BYOD revolution: Employee-owned devices open doors for enterprise

What started out as an innocuous shift has evolved into a major trend that’s changing the face of end-user corporate technology inside and outside the office.

Do you BYOD? If not, you likely will soon.

The acronym, which stands for bring your own device, refers to the growing trend where employees use their own personal mobile devices such as laptops, smartphones and tablets, when they head to work. What started out as an innocuous shift has evolved into a major trend that's changing the face of end-user corporate technology inside and outside the office.

IT no longer calls the shots
It wasn't so long ago that corporate IT was solely responsible for choosing every last piece of technology that employees used on the job. Corporate technology decision-makers owned the entire life cycle of a device, from choosing which ones to purchase, to acquisition, implementation, and support all the way to end-of-life disposal. This approach ensured significant central control over technology, allowing IT to keep a lid on support complexity and, by extension, cost.

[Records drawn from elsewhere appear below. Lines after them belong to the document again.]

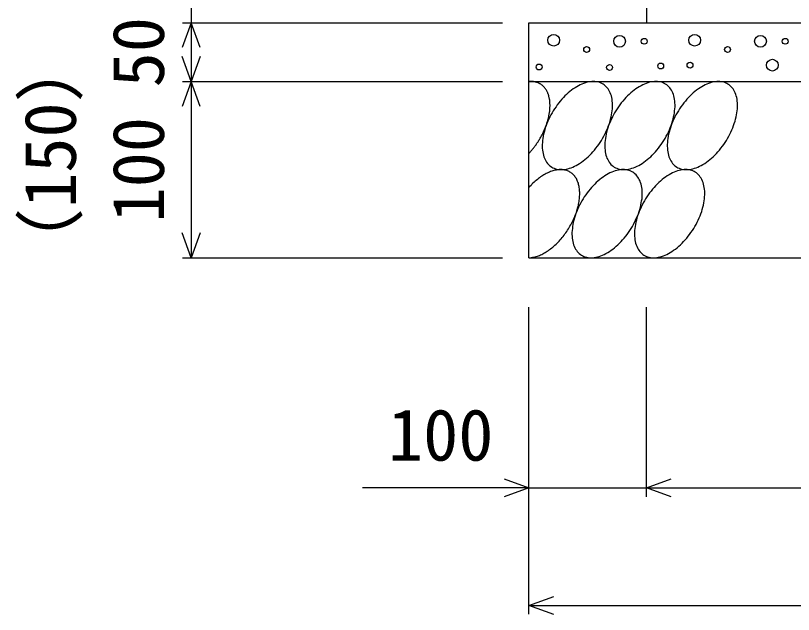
# Model space of a CAD drawing. Units: millimetres, scale not verified. Extents: x -33600 to 33600, y -11880 to 11880.
# Drawn here: x -29924 to -29262, y 8638 to 9147 of the extents above; entities that cross this region are included whole.
import ezdxf
from ezdxf.enums import TextEntityAlignment as Align

# ---------------------------------------------------------------- set-up
doc = ezdxf.new("R2010")
doc.units = ezdxf.units.MM
doc.header["$LTSCALE"] = 40
for name, color, linetype, lineweight in [('0-0_DIM', 7, 'Continuous', 25), ('0-2_HATCH', 6, 'Continuous', 25), ('0-5_OUTLINE', 3, 'Continuous', 25)]:
    doc.layers.add(name, color=color, linetype=linetype, lineweight=lineweight)
doc.styles.add('ＭＳ ゴシック', font='')
doc.styles.get('ＭＳ ゴシック').set_extended_font_data('MS Gothic')

msp = doc.modelspace()

# ---------------------------------------------------------------- linework, layer by layer
at = {"layer": '0-0_DIM'}
for p, q in [((-29781.98, 9141.24), (-29509.48, 9141.24)), ((-29781.98, 9091.24), (-29509.48, 9091.24)), ((-29774.48, 9091.24), (-29774.48, 8941.24)), ((-29781.98, 8941.24), (-29509.48, 8941.24)), ((-29486.98, 8637.82), (-29486.98, 8899.18)), ((-29386.98, 8737.82), (-29386.98, 8899.18)), ((-29486.98, 8745.32), (-29628.77, 8745.32)), ((-29486.98, 8745.32), (-29386.98, 8745.32)), ((-29386.98, 8745.32), (-28786.98, 8745.32)), ((-29486.98, 8645.32), (-28686.98, 8645.32))]:
    msp.add_line(p, q, dxfattribs=at)
for points in [[(-29774.48, 9161.24), (-29774.48, 9141.24), (-29774.48, 9091.24)], [(-29766.78, 9120.1), (-29774.48, 9141.24), (-29782.17, 9120.1)], [(-29766.78, 9112.39), (-29774.48, 9091.24), (-29782.17, 9112.39)], [(-29766.78, 9070.1), (-29774.48, 9091.24), (-29782.17, 9070.1)], [(-29766.78, 8962.39), (-29774.48, 8941.24), (-29782.17, 8962.39)], [(-29508.12, 8753.01), (-29486.98, 8745.32), (-29508.12, 8737.62)], [(-29365.84, 8737.62), (-29386.98, 8745.32), (-29365.84, 8753.01)], [(-29465.84, 8637.62), (-29486.98, 8645.32), (-29465.84, 8653.01)]]:
    msp.add_lwpolyline(points, dxfattribs=at)
at = {"layer": '0-2_HATCH'}
for points in [[(-29481.81, 9090.9), (-29482.21, 9090.98), (-29482.71, 9091.06), (-29483.11, 9091.12), (-29483.61, 9091.17), (-29484.11, 9091.21), (-29484.51, 9091.23), (-29485.01, 9091.25), (-29485.51, 9091.25), (-29486.01, 9091.24), (-29486.51, 9091.21), (-29487.01, 9091.18)], [(-29470.01, 9078.69), (-29470.11, 9079.19), (-29470.31, 9079.68), (-29470.41, 9080.17), (-29470.61, 9080.65), (-29470.81, 9081.12), (-29471.01, 9081.58), (-29471.21, 9082.03), (-29471.41, 9082.47), (-29471.61, 9082.9), (-29471.81, 9083.32), (-29472.01, 9083.73), (-29472.31, 9084.14), (-29472.51, 9084.53), (-29472.81, 9084.91), (-29473.11, 9085.29), (-29473.31, 9085.65), (-29473.61, 9086), (-29473.91, 9086.34), (-29474.21, 9086.67), (-29474.51, 9086.99), (-29474.81, 9087.3), (-29475.21, 9087.6), (-29475.51, 9087.88), (-29475.81, 9088.16), (-29476.21, 9088.42), (-29476.51, 9088.68), (-29476.91, 9088.92), (-29477.31, 9089.15), (-29477.61, 9089.37), (-29478.01, 9089.57), (-29478.41, 9089.77), (-29478.81, 9089.95), (-29479.21, 9090.12), (-29479.61, 9090.28), (-29480.11, 9090.43), (-29480.51, 9090.56), (-29480.91, 9090.69), (-29481.31, 9090.8), (-29481.81, 9090.9)], [(-29423.91, 9089.05), (-29424.91, 9089.63), (-29426.01, 9090.12), (-29427.11, 9090.53), (-29428.31, 9090.84), (-29429.51, 9091.07), (-29430.81, 9091.2), (-29432.11, 9091.25), (-29433.41, 9091.2), (-29434.71, 9091.07), (-29436.11, 9090.84), (-29437.51, 9090.53), (-29438.91, 9090.12), (-29440.41, 9089.63), (-29441.81, 9089.06), (-29443.31, 9088.39), (-29444.81, 9087.65), (-29446.21, 9086.82), (-29447.71, 9085.91), (-29449.21, 9084.93), (-29450.61, 9083.87), (-29452.01, 9082.74), (-29453.51, 9081.53), (-29454.91, 9080.26), (-29456.31, 9078.93), (-29457.61, 9077.54), (-29459.01, 9076.09), (-29460.31, 9074.58), (-29461.51, 9073.03), (-29462.81, 9071.42), (-29463.91, 9069.78), (-29465.11, 9068.1), (-29466.21, 9066.38), (-29467.21, 9064.63), (-29468.21, 9062.86), (-29469.21, 9061.06), (-29470.01, 9059.25), (-29470.91, 9057.42), (-29471.61, 9055.59), (-29472.31, 9053.75)], [(-29416.51, 9077.53), (-29416.81, 9078.93), (-29417.31, 9080.26), (-29417.71, 9081.53), (-29418.31, 9082.73), (-29418.91, 9083.87), (-29419.61, 9084.93), (-29420.31, 9085.91), (-29421.11, 9086.82), (-29422.01, 9087.65), (-29422.91, 9088.39), (-29423.91, 9089.05)], [(-29370.71, 9089.05), (-29371.71, 9089.63), (-29372.81, 9090.12), (-29373.91, 9090.53), (-29375.11, 9090.84), (-29376.31, 9091.07), (-29377.61, 9091.2), (-29378.91, 9091.25), (-29380.21, 9091.2), (-29381.51, 9091.07), (-29382.91, 9090.84), (-29384.31, 9090.53), (-29385.71, 9090.12), (-29387.21, 9089.63), (-29388.61, 9089.06), (-29390.11, 9088.39), (-29391.51, 9087.65), (-29393.01, 9086.82), (-29394.51, 9085.91), (-29395.91, 9084.93), (-29397.41, 9083.87), (-29398.81, 9082.74), (-29400.31, 9081.53), (-29401.71, 9080.26), (-29403.11, 9078.93), (-29404.41, 9077.54), (-29405.71, 9076.09), (-29407.01, 9074.58), (-29408.31, 9073.03), (-29409.51, 9071.42), (-29410.71, 9069.78), (-29411.91, 9068.1), (-29413.01, 9066.38), (-29414.01, 9064.63), (-29415.01, 9062.86), (-29415.91, 9061.06), (-29416.81, 9059.25), (-29417.61, 9057.42), (-29418.41, 9055.59), (-29419.11, 9053.75)], [(-29363.31, 9077.53), (-29363.61, 9078.93), (-29364.01, 9080.26), (-29364.51, 9081.53), (-29365.11, 9082.73), (-29365.71, 9083.87), (-29366.41, 9084.93), (-29367.11, 9085.91), (-29367.91, 9086.82), (-29368.81, 9087.65), (-29369.71, 9088.39), (-29370.71, 9089.05)], [(-29317.51, 9089.05), (-29318.51, 9089.63), (-29319.61, 9090.12), (-29320.71, 9090.53), (-29321.91, 9090.84), (-29323.11, 9091.07), (-29324.41, 9091.2), (-29325.61, 9091.25), (-29327.01, 9091.2), (-29328.31, 9091.07), (-29329.71, 9090.84), (-29331.11, 9090.53), (-29332.51, 9090.12), (-29334.01, 9089.63), (-29335.41, 9089.06), (-29336.91, 9088.39), (-29338.31, 9087.65), (-29339.81, 9086.82), (-29341.31, 9085.91), (-29342.71, 9084.93), (-29344.21, 9083.87), (-29345.61, 9082.74), (-29347.01, 9081.53), (-29348.51, 9080.26), (-29349.81, 9078.93), (-29351.21, 9077.54), (-29352.51, 9076.09), (-29353.81, 9074.58), (-29355.11, 9073.03), (-29356.31, 9071.42), (-29357.51, 9069.78), (-29358.71, 9068.1), (-29359.71, 9066.38), (-29360.81, 9064.63), (-29361.81, 9062.86), (-29362.71, 9061.06), (-29363.61, 9059.25), (-29364.41, 9057.42), (-29365.21, 9055.59), (-29365.91, 9053.75)], [(-29310.11, 9077.53), (-29310.41, 9078.93), (-29310.81, 9080.26), (-29311.31, 9081.53), (-29311.91, 9082.73), (-29312.51, 9083.87), (-29313.21, 9084.93), (-29313.91, 9085.91), (-29314.71, 9086.82), (-29315.61, 9087.65), (-29316.51, 9088.39), (-29317.51, 9089.05)], [(-29472.01, 9054.54), (-29471.81, 9055.22), (-29471.61, 9055.9), (-29471.41, 9056.58), (-29471.21, 9057.25), (-29471.01, 9057.93), (-29470.81, 9058.6), (-29470.61, 9059.28), (-29470.41, 9059.95), (-29470.31, 9060.62), (-29470.11, 9061.28), (-29470.01, 9061.95), (-29469.91, 9062.61), (-29469.71, 9063.27), (-29469.61, 9063.92), (-29469.51, 9064.57), (-29469.41, 9065.22), (-29469.31, 9065.87), (-29469.31, 9066.51), (-29469.21, 9067.14), (-29469.21, 9067.78), (-29469.11, 9068.4), (-29469.11, 9069.03), (-29469.11, 9069.64), (-29469.01, 9070.26), (-29469.01, 9070.86), (-29469.01, 9071.46), (-29469.11, 9072.06), (-29469.11, 9072.65), (-29469.11, 9073.23), (-29469.21, 9073.81), (-29469.21, 9074.38), (-29469.31, 9074.94), (-29469.31, 9075.5), (-29469.41, 9076.05), (-29469.51, 9076.59), (-29469.61, 9077.13), (-29469.71, 9077.65), (-29469.91, 9078.17), (-29470.01, 9078.69)], [(-29449.61, 9018.43), (-29448.21, 9019.09), (-29446.71, 9019.84), (-29445.21, 9020.67), (-29443.81, 9021.58), (-29442.31, 9022.56), (-29440.81, 9023.62), (-29439.41, 9024.75), (-29438.01, 9025.95), (-29436.61, 9027.22), (-29435.21, 9028.56), (-29433.81, 9029.95), (-29432.51, 9031.4), (-29431.21, 9032.91), (-29429.91, 9034.46), (-29428.71, 9036.06), (-29427.51, 9037.71), (-29426.41, 9039.39), (-29425.31, 9041.11), (-29424.21, 9042.86), (-29423.21, 9044.63), (-29422.31, 9046.43), (-29421.41, 9048.24), (-29420.61, 9050.07), (-29419.81, 9051.9), (-29419.11, 9053.74), (-29418.51, 9055.58), (-29417.91, 9057.42), (-29417.41, 9059.25), (-29417.01, 9061.06), (-29416.61, 9062.85), (-29416.31, 9064.63), (-29416.11, 9066.38), (-29415.91, 9068.09), (-29415.81, 9069.78), (-29415.81, 9071.42), (-29415.91, 9073.02), (-29416.01, 9074.58), (-29416.21, 9076.08), (-29416.51, 9077.53)], [(-29396.41, 9018.43), (-29394.91, 9019.09), (-29393.51, 9019.84), (-29392.01, 9020.67), (-29390.51, 9021.58), (-29389.11, 9022.56), (-29387.61, 9023.62), (-29386.21, 9024.75), (-29384.81, 9025.95), (-29383.31, 9027.22), (-29382.01, 9028.56), (-29380.61, 9029.95), (-29379.31, 9031.4), (-29378.01, 9032.91), (-29376.71, 9034.46), (-29375.51, 9036.06), (-29374.31, 9037.71), (-29373.21, 9039.39), (-29372.11, 9041.11), (-29371.01, 9042.86), (-29370.01, 9044.63), (-29369.11, 9046.43), (-29368.21, 9048.24), (-29367.41, 9050.07), (-29366.61, 9051.9), (-29365.91, 9053.74), (-29365.31, 9055.58), (-29364.71, 9057.42), (-29364.21, 9059.25), (-29363.81, 9061.06), (-29363.41, 9062.85), (-29363.11, 9064.63), (-29362.91, 9066.38), (-29362.71, 9068.09), (-29362.61, 9069.78), (-29362.61, 9071.42), (-29362.71, 9073.02), (-29362.81, 9074.58), (-29363.01, 9076.08), (-29363.31, 9077.53)], [(-29343.21, 9018.43), (-29341.71, 9019.09), (-29340.31, 9019.84), (-29338.81, 9020.67), (-29337.31, 9021.58), (-29335.91, 9022.56), (-29334.41, 9023.62), (-29333.01, 9024.75), (-29331.51, 9025.95), (-29330.11, 9027.22), (-29328.71, 9028.56), (-29327.41, 9029.95), (-29326.11, 9031.4), (-29324.81, 9032.91), (-29323.51, 9034.46), (-29322.31, 9036.06), (-29321.11, 9037.71), (-29319.91, 9039.39), (-29318.81, 9041.11), (-29317.81, 9042.86), (-29316.81, 9044.63), (-29315.91, 9046.43), (-29315.01, 9048.24), (-29314.21, 9050.07), (-29313.41, 9051.9), (-29312.71, 9053.74), (-29312.11, 9055.58), (-29311.51, 9057.42), (-29311.01, 9059.25), (-29310.51, 9061.06), (-29310.21, 9062.85), (-29309.91, 9064.63), (-29309.61, 9066.38), (-29309.51, 9068.09), (-29309.41, 9069.78), (-29309.41, 9071.42), (-29309.51, 9073.02), (-29309.61, 9074.58), (-29309.81, 9076.08), (-29310.11, 9077.53)], [(-29487.01, 9030.02), (-29486.51, 9030.55), (-29486.01, 9031.09), (-29485.51, 9031.63), (-29485.01, 9032.18), (-29484.51, 9032.74), (-29484.11, 9033.31), (-29483.61, 9033.88), (-29483.11, 9034.46), (-29482.71, 9035.05), (-29482.21, 9035.64), (-29481.81, 9036.24), (-29481.31, 9036.84), (-29480.91, 9037.45), (-29480.51, 9038.06), (-29480.11, 9038.68), (-29479.61, 9039.31), (-29479.21, 9039.93), (-29478.81, 9040.57), (-29478.41, 9041.21), (-29478.01, 9041.85), (-29477.61, 9042.49), (-29477.31, 9043.14), (-29476.91, 9043.8), (-29476.51, 9044.45), (-29476.21, 9045.11), (-29475.81, 9045.78), (-29475.51, 9046.44), (-29475.21, 9047.11), (-29474.81, 9047.78), (-29474.51, 9048.45), (-29474.21, 9049.12), (-29473.91, 9049.8), (-29473.61, 9050.47), (-29473.31, 9051.15), (-29473.11, 9051.83), (-29472.81, 9052.51), (-29472.51, 9053.18), (-29472.31, 9053.86), (-29472.01, 9054.54)], [(-29472.31, 9053.75), (-29473.01, 9051.91), (-29473.51, 9050.07), (-29474.01, 9048.24), (-29474.51, 9046.43), (-29474.81, 9044.63), (-29475.11, 9042.86), (-29475.41, 9041.11), (-29475.51, 9039.39), (-29475.61, 9037.71), (-29475.61, 9036.07), (-29475.61, 9034.47), (-29475.41, 9032.91), (-29475.21, 9031.4), (-29474.91, 9029.95), (-29474.61, 9028.56), (-29474.21, 9027.23), (-29473.71, 9025.96), (-29473.21, 9024.75), (-29472.51, 9023.62), (-29471.91, 9022.56), (-29471.11, 9021.58), (-29470.31, 9020.67), (-29469.41, 9019.84), (-29468.51, 9019.1), (-29467.51, 9018.43), (-29466.51, 9017.86), (-29465.41, 9017.36), (-29464.31, 9016.96), (-29463.11, 9016.65), (-29461.91, 9016.42), (-29460.71, 9016.29), (-29459.41, 9016.24), (-29458.11, 9016.29), (-29456.71, 9016.42), (-29455.31, 9016.65), (-29453.91, 9016.96), (-29452.51, 9017.36), (-29451.11, 9017.85), (-29449.61, 9018.43)], [(-29419.11, 9053.75), (-29419.81, 9051.91), (-29420.31, 9050.07), (-29420.81, 9048.24), (-29421.31, 9046.43), (-29421.61, 9044.63), (-29421.91, 9042.86), (-29422.21, 9041.11), (-29422.31, 9039.39), (-29422.41, 9037.71), (-29422.41, 9036.07), (-29422.31, 9034.47), (-29422.21, 9032.91), (-29422.01, 9031.4), (-29421.71, 9029.95), (-29421.41, 9028.56), (-29421.01, 9027.23), (-29420.51, 9025.96), (-29419.91, 9024.75), (-29419.31, 9023.62), (-29418.61, 9022.56), (-29417.91, 9021.58), (-29417.11, 9020.67), (-29416.21, 9019.84), (-29415.31, 9019.1), (-29414.31, 9018.43), (-29413.31, 9017.86), (-29412.21, 9017.36), (-29411.11, 9016.96), (-29409.91, 9016.65), (-29408.71, 9016.42), (-29407.41, 9016.29), (-29406.21, 9016.24), (-29404.81, 9016.29), (-29403.51, 9016.42), (-29402.11, 9016.65), (-29400.71, 9016.96), (-29399.31, 9017.36), (-29397.81, 9017.85), (-29396.41, 9018.43)], [(-29365.91, 9053.75), (-29366.51, 9051.91), (-29367.11, 9050.07), (-29367.61, 9048.24), (-29368.11, 9046.43), (-29368.41, 9044.63), (-29368.71, 9042.86), (-29368.91, 9041.11), (-29369.11, 9039.39), (-29369.21, 9037.71), (-29369.21, 9036.07), (-29369.11, 9034.47), (-29369.01, 9032.91), (-29368.81, 9031.4), (-29368.51, 9029.95), (-29368.21, 9028.56), (-29367.81, 9027.23), (-29367.31, 9025.96), (-29366.71, 9024.75), (-29366.11, 9023.62), (-29365.41, 9022.56), (-29364.71, 9021.58), (-29363.91, 9020.67), (-29363.01, 9019.84), (-29362.11, 9019.1), (-29361.11, 9018.43), (-29360.11, 9017.86), (-29359.01, 9017.36), (-29357.91, 9016.96), (-29356.71, 9016.65), (-29355.51, 9016.42), (-29354.21, 9016.29), (-29352.91, 9016.24), (-29351.61, 9016.29), (-29350.31, 9016.42), (-29348.91, 9016.65), (-29347.51, 9016.96), (-29346.11, 9017.36), (-29344.61, 9017.85), (-29343.21, 9018.43)], [(-29446.61, 9008.56), (-29447.01, 9009.27), (-29447.51, 9009.94), (-29448.01, 9010.59), (-29448.51, 9011.2), (-29449.01, 9011.78), (-29449.51, 9012.33), (-29450.11, 9012.84), (-29450.71, 9013.32), (-29451.31, 9013.77), (-29452.01, 9014.18), (-29452.71, 9014.55), (-29453.31, 9014.89), (-29454.11, 9015.19), (-29454.81, 9015.45), (-29455.51, 9015.68), (-29456.31, 9015.86), (-29457.11, 9016.02), (-29457.91, 9016.13), (-29458.71, 9016.21), (-29459.51, 9016.25), (-29460.41, 9016.25), (-29461.21, 9016.21), (-29462.11, 9016.13), (-29463.01, 9016.02), (-29463.91, 9015.87), (-29464.81, 9015.68), (-29465.71, 9015.46), (-29466.61, 9015.19), (-29467.51, 9014.9), (-29468.51, 9014.56), (-29469.41, 9014.19), (-29470.41, 9013.78), (-29471.31, 9013.34), (-29472.31, 9012.86), (-29473.21, 9012.35), (-29474.21, 9011.8), (-29475.11, 9011.22), (-29476.01, 9010.61), (-29477.01, 9009.97)], [(-29398.61, 9014.06), (-29399.61, 9014.63), (-29400.71, 9015.13), (-29401.81, 9015.53), (-29403.01, 9015.84), (-29404.21, 9016.07), (-29405.51, 9016.2), (-29406.71, 9016.25), (-29408.11, 9016.21), (-29409.41, 9016.07), (-29410.81, 9015.84), (-29412.21, 9015.53), (-29413.61, 9015.13), (-29415.11, 9014.64), (-29416.51, 9014.06), (-29418.01, 9013.4), (-29419.41, 9012.65), (-29420.91, 9011.82), (-29422.41, 9010.92), (-29423.81, 9009.93), (-29425.31, 9008.87), (-29426.71, 9007.74), (-29428.21, 9006.54), (-29429.61, 9005.27), (-29430.91, 9003.93), (-29432.31, 9002.54), (-29433.61, 9001.09), (-29434.91, 8999.58), (-29436.21, 8998.03), (-29437.41, 8996.43), (-29438.61, 8994.78), (-29439.81, 8993.1), (-29440.91, 8991.38), (-29441.91, 8989.64), (-29442.91, 8987.86), (-29443.81, 8986.06), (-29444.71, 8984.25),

The downside? Maintaining every aspect of the technology infrastructure can, in itself, be an expensive, complex undertaking. The exploding popularity of consumer-focused mobile devices like smartphones and tablets has driven a shift in that thinking. These days, staff members buy their own devices, then bring them into the office with every expectation that IT will connect them to the corporate network. Also known as consumerization, this trend breaks down IT's traditional end-to-end ownership of client-based technology as it exposes the organization to a new set of challenges. Like it or not, most companies have no choice.

The trend is clear
According to a recent British Telecom report, known as "Rethink the Risk", 60 per cent of employees are already using their personal devices when they head to work, while 82 per cent of companies surveyed said they either currently sanction BYOD or plan to do so within the next two years. Almost half — or 46 per cent — of employees working in organizations that don't support BYOD say they'd like to be able to hook up their own devices while they're on the job.

The appeal of BYOD to employees and the organizations they work for is significant:

Choice and control
Increasingly mobile-savvy employees bristle at IT's traditional centralized approach to device management, with 40 per cent saying IT imposes restrictive rules that hinder their ability to get the most out of technology, and almost half saying IT imposes too much security, as well.

Efficiency
Approximately 42 per cent of employees already using their devices at the office say they're more efficient. A full 58 per cent of IT professionals agree, saying mobile and consumer-focused technologies can drive up productivity.

Competitiveness
About 84 per cent of IT decision-makers say BYOD-supporting companies enjoy a competitive advantage over those following a more traditional approach to technology deployment.

Budget
A Good Technology report says 50 per cent of BYOD-friendly companies require employees to foot the bill, with 45 per cent either providing a subsidy or allowing them to submit expense reports to cover at least part of their monthly rate plans. This shift of ongoing cost to the employee, along with reduced need by IT to plan and implement all-encompassing mobile technology rollouts, frees technology resources for other priorities.

Watch out for the gotchas
BYOD doesn't come without its own share of caveats, however. A full 70 per cent of respondents to the BT study said BYOD had increased the complexity of their overall technology landscape, and 60 per cent said it had driven up costs. Beyond the sheer numbers, the more heterogeneous array of technology can be more difficult for IT to manage, as monitoring and security solutions now have to accommodate a wider range of devices, operating systems and solutions. The risk of security breaches goes up as employees are no longer restricted to tightly controlled corporate networks. Support processes may also struggle to keep up thanks to the greater device diversity.

Organizations may also face liability concerns over who owns the data as employee-owned devices easily mix both corporate and personal information. Processes that protect corporate data integrity need to be drawn up to accommodate a wide range of usage scenarios, including resignation and termination. Acceptable use policies drafted up in the pre-BYOD era will need to be thoroughly updated to reflect what an employee can and cannot do with a personally owned device when on and off the job. Companies subject to regulatory oversight — especially common in sectors such as financial services, health care, and government — will need to be especially careful to ensure they don't inadvertently risk compliance.

Despite the concerns, the trend toward BYOD is well-established, and the opportunities to cost-effectively build a more mobile-enabled, agile technology environment that drives employee productivity far outweigh the relatively manageable list of concerns. With employees often taking matters into their own hands and hooking up their own mobile devices without IT's help, the time to act is now. Organizations that have been holding out need to prepare themselves for this inevitable change.